(Collection entries)

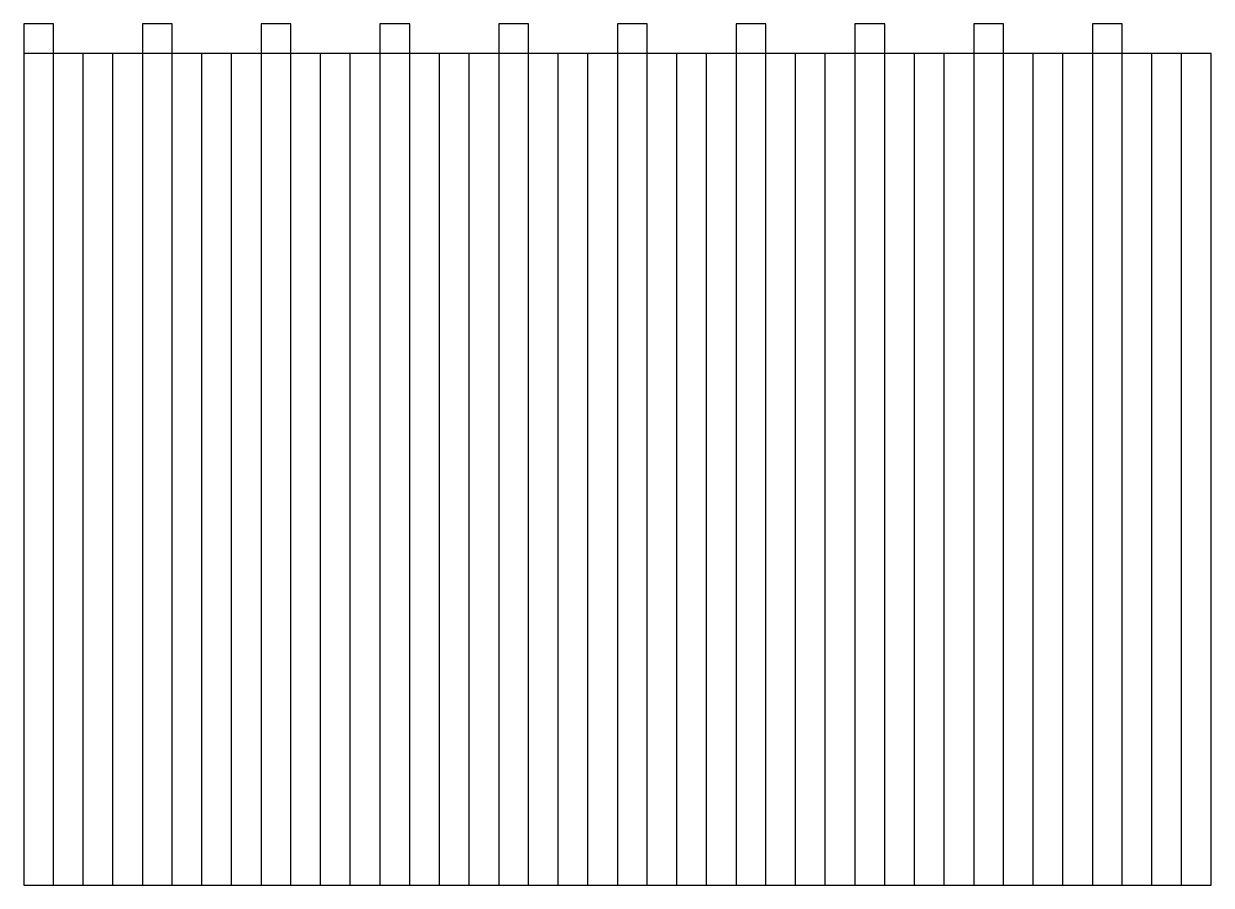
# Model space of a CAD drawing. Header units: millimetres. Extents: x -5126 to -4556, y 16 to 430.
import ezdxf

# ---------------------------------------------------------------- set-up
doc = ezdxf.new("R2010")
doc.units = ezdxf.units.MM
doc.header["$MEASUREMENT"] = 0
doc.layers.add('CORTE', color=1, linetype='Continuous')

msp = doc.modelspace()

# ---------------------------------------------------------------- linework, layer by layer
at = {"layer": 'CORTE'}
for p, q in [((-5097.32, 16.46), (-5097.32, 415.46)), ((-5083.07, 16.46), (-5083.07, 415.46)), ((-5040.32, 16.46), (-5040.32, 415.46)), ((-5026.07, 16.46), (-5026.07, 415.46)), ((-4983.32, 16.46), (-4983.32, 415.46)), ((-4969.07, 16.46), (-4969.07, 415.46)), ((-4926.32, 16.46), (-4926.32, 415.46)), ((-4912.07, 16.46), (-4912.07, 415.46)), ((-4869.32, 16.46), (-4869.32, 415.46)), ((-4855.07, 16.46), (-4855.07, 415.46)), ((-4812.32, 16.46), (-4812.32, 415.46)), ((-4798.07, 16.46), (-4798.07, 415.46)), ((-4755.32, 16.46), (-4755.32, 415.46)), ((-4741.07, 16.46), (-4741.07, 415.46)), ((-4698.32, 16.46), (-4698.32, 415.46)), ((-4684.07, 16.46), (-4684.07, 415.46)), ((-4641.32, 16.46), (-4641.32, 415.46)), ((-4627.07, 16.46), (-4627.07, 415.46)), ((-4584.32, 16.46), (-4584.32, 415.46)), ((-4570.07, 16.46), (-4570.07, 415.46))]:
    msp.add_line(p, q, dxfattribs=at)
for points in [[(-5111.57, 16.46), (-5111.57, 429.71), (-5125.82, 429.71), (-5125.82, 16.46), (-4555.82, 16.46), (-4555.82, 415.46), (-5125.82, 415.46)], [(-5054.57, 16.46), (-5054.57, 429.71), (-5068.82, 429.71), (-5068.82, 16.46)], [(-4997.57, 16.46), (-4997.57, 429.71), (-5011.82, 429.71), (-5011.82, 16.46)], [(-4940.57, 16.46), (-4940.57, 429.71), (-4954.82, 429.71), (-4954.82, 16.46)], [(-4883.57, 16.46), (-4883.57, 429.71), (-4897.82, 429.71), (-4897.82, 16.46)], [(-4826.57, 16.46), (-4826.57, 429.71), (-4840.82, 429.71), (-4840.82, 16.46)], [(-4769.57, 16.46), (-4769.57, 429.71), (-4783.82, 429.71), (-4783.82, 16.46)], [(-4712.57, 16.46), (-4712.57, 429.71), (-4726.82, 429.71), (-4726.82, 16.46)], [(-4655.57, 16.46), (-4655.57, 429.71), (-4669.82, 429.71), (-4669.82, 16.46)], [(-4598.57, 16.46), (-4598.57, 429.71), (-4612.82, 429.71), (-4612.82, 16.46)]]:
    msp.add_lwpolyline(points, dxfattribs=at)

doc.saveas('drawing.dxf')
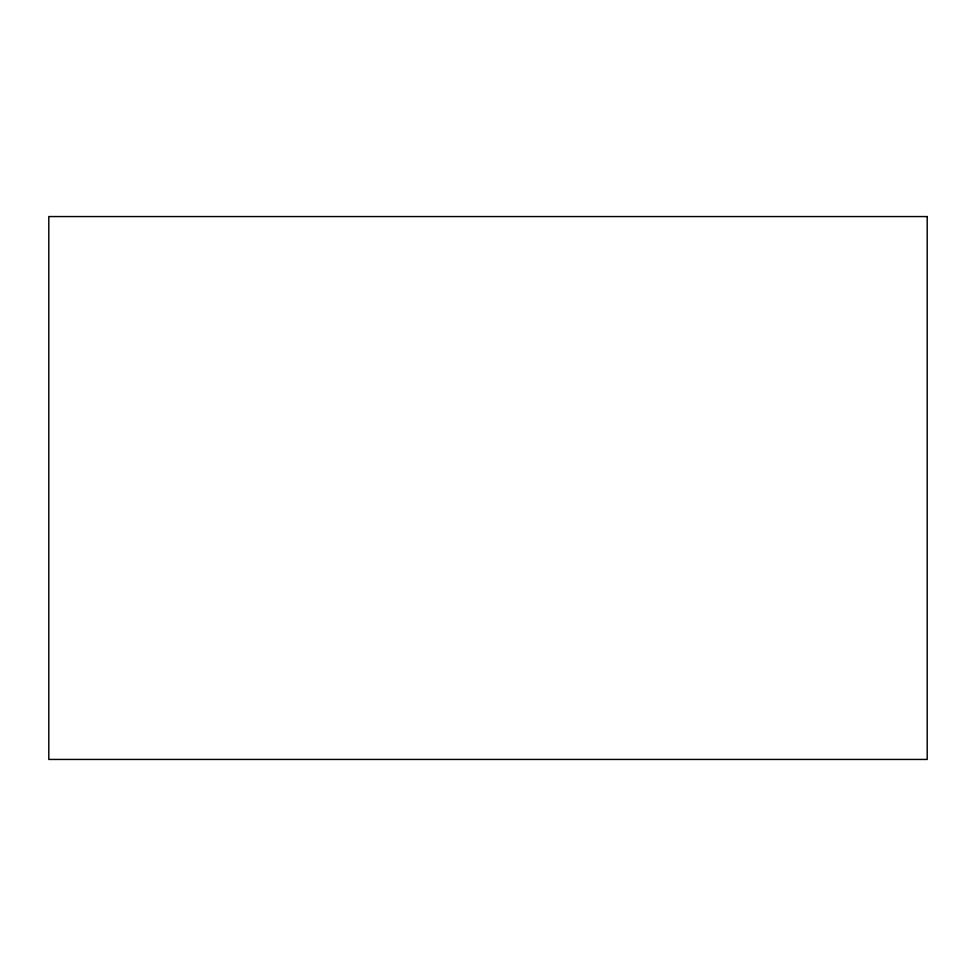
<?xml version="1.0" encoding="UTF-8"?>
<svg xmlns="http://www.w3.org/2000/svg" width="976" height="976" viewBox="0 0 976 976"><rect width="100%" height="100%" fill="white"/><g stroke="black" fill="none" stroke-linecap="round" stroke-linejoin="round"><path stroke-width="1.46" d="M927.2 216.562L48.8 216.562L48.8 759.438L927.2 759.438L927.2 216.562"/></g></svg>

> _Assignment_:
Exact output of each line above is wanted, without the pictures.

> _Solution to this problem_:
# Model space of a CAD drawing. Header units: millimetres. Extents: x -5126 to -4556, y 16 to 430.
import ezdxf

# ---------------------------------------------------------------- set-up
doc = ezdxf.new("R2010")
doc.units = ezdxf.units.MM
doc.header["$MEASUREMENT"] = 0
doc.layers.add('CORTE', color=1, linetype='Continuous')

msp = doc.modelspace()

# ---------------------------------------------------------------- linework, layer by layer
at = {"layer": 'CORTE'}
for p, q in [((-5097.32, 16.46), (-5097.32, 415.46)), ((-5083.07, 16.46), (-5083.07, 415.46)), ((-5040.32, 16.46), (-5040.32, 415.46)), ((-5026.07, 16.46), (-5026.07, 415.46)), ((-4983.32, 16.46), (-4983.32, 415.46)), ((-4969.07, 16.46), (-4969.07, 415.46)), ((-4926.32, 16.46), (-4926.32, 415.46)), ((-4912.07, 16.46), (-4912.07, 415.46)), ((-4869.32, 16.46), (-4869.32, 415.46)), ((-4855.07, 16.46), (-4855.07, 415.46)), ((-4812.32, 16.46), (-4812.32, 415.46)), ((-4798.07, 16.46), (-4798.07, 415.46)), ((-4755.32, 16.46), (-4755.32, 415.46)), ((-4741.07, 16.46), (-4741.07, 415.46)), ((-4698.32, 16.46), (-4698.32, 415.46)), ((-4684.07, 16.46), (-4684.07, 415.46)), ((-4641.32, 16.46), (-4641.32, 415.46)), ((-4627.07, 16.46), (-4627.07, 415.46)), ((-4584.32, 16.46), (-4584.32, 415.46)), ((-4570.07, 16.46), (-4570.07, 415.46))]:
    msp.add_line(p, q, dxfattribs=at)
for points in [[(-5111.57, 16.46), (-5111.57, 429.71), (-5125.82, 429.71), (-5125.82, 16.46), (-4555.82, 16.46), (-4555.82, 415.46), (-5125.82, 415.46)], [(-5054.57, 16.46), (-5054.57, 429.71), (-5068.82, 429.71), (-5068.82, 16.46)], [(-4997.57, 16.46), (-4997.57, 429.71), (-5011.82, 429.71), (-5011.82, 16.46)], [(-4940.57, 16.46), (-4940.57, 429.71), (-4954.82, 429.71), (-4954.82, 16.46)], [(-4883.57, 16.46), (-4883.57, 429.71), (-4897.82, 429.71), (-4897.82, 16.46)], [(-4826.57, 16.46), (-4826.57, 429.71), (-4840.82, 429.71), (-4840.82, 16.46)], [(-4769.57, 16.46), (-4769.57, 429.71), (-4783.82, 429.71), (-4783.82, 16.46)], [(-4712.57, 16.46), (-4712.57, 429.71), (-4726.82, 429.71), (-4726.82, 16.46)], [(-4655.57, 16.46), (-4655.57, 429.71), (-4669.82, 429.71), (-4669.82, 16.46)], [(-4598.57, 16.46), (-4598.57, 429.71), (-4612.82, 429.71), (-4612.82, 16.46)]]:
    msp.add_lwpolyline(points, dxfattribs=at)

doc.saveas('drawing.dxf')
<?xml version="1.0" encoding="UTF-8"?>
<svg xmlns="http://www.w3.org/2000/svg" width="976" height="976" viewBox="0 0 976 976"><rect width="100%" height="100%" fill="white"/><g stroke="black" fill="none" stroke-linecap="round" stroke-linejoin="round"><path stroke-width="1.46" d="M927.2 216.562L48.8 216.562L48.8 759.438L927.2 759.438L927.2 216.562"/></g></svg>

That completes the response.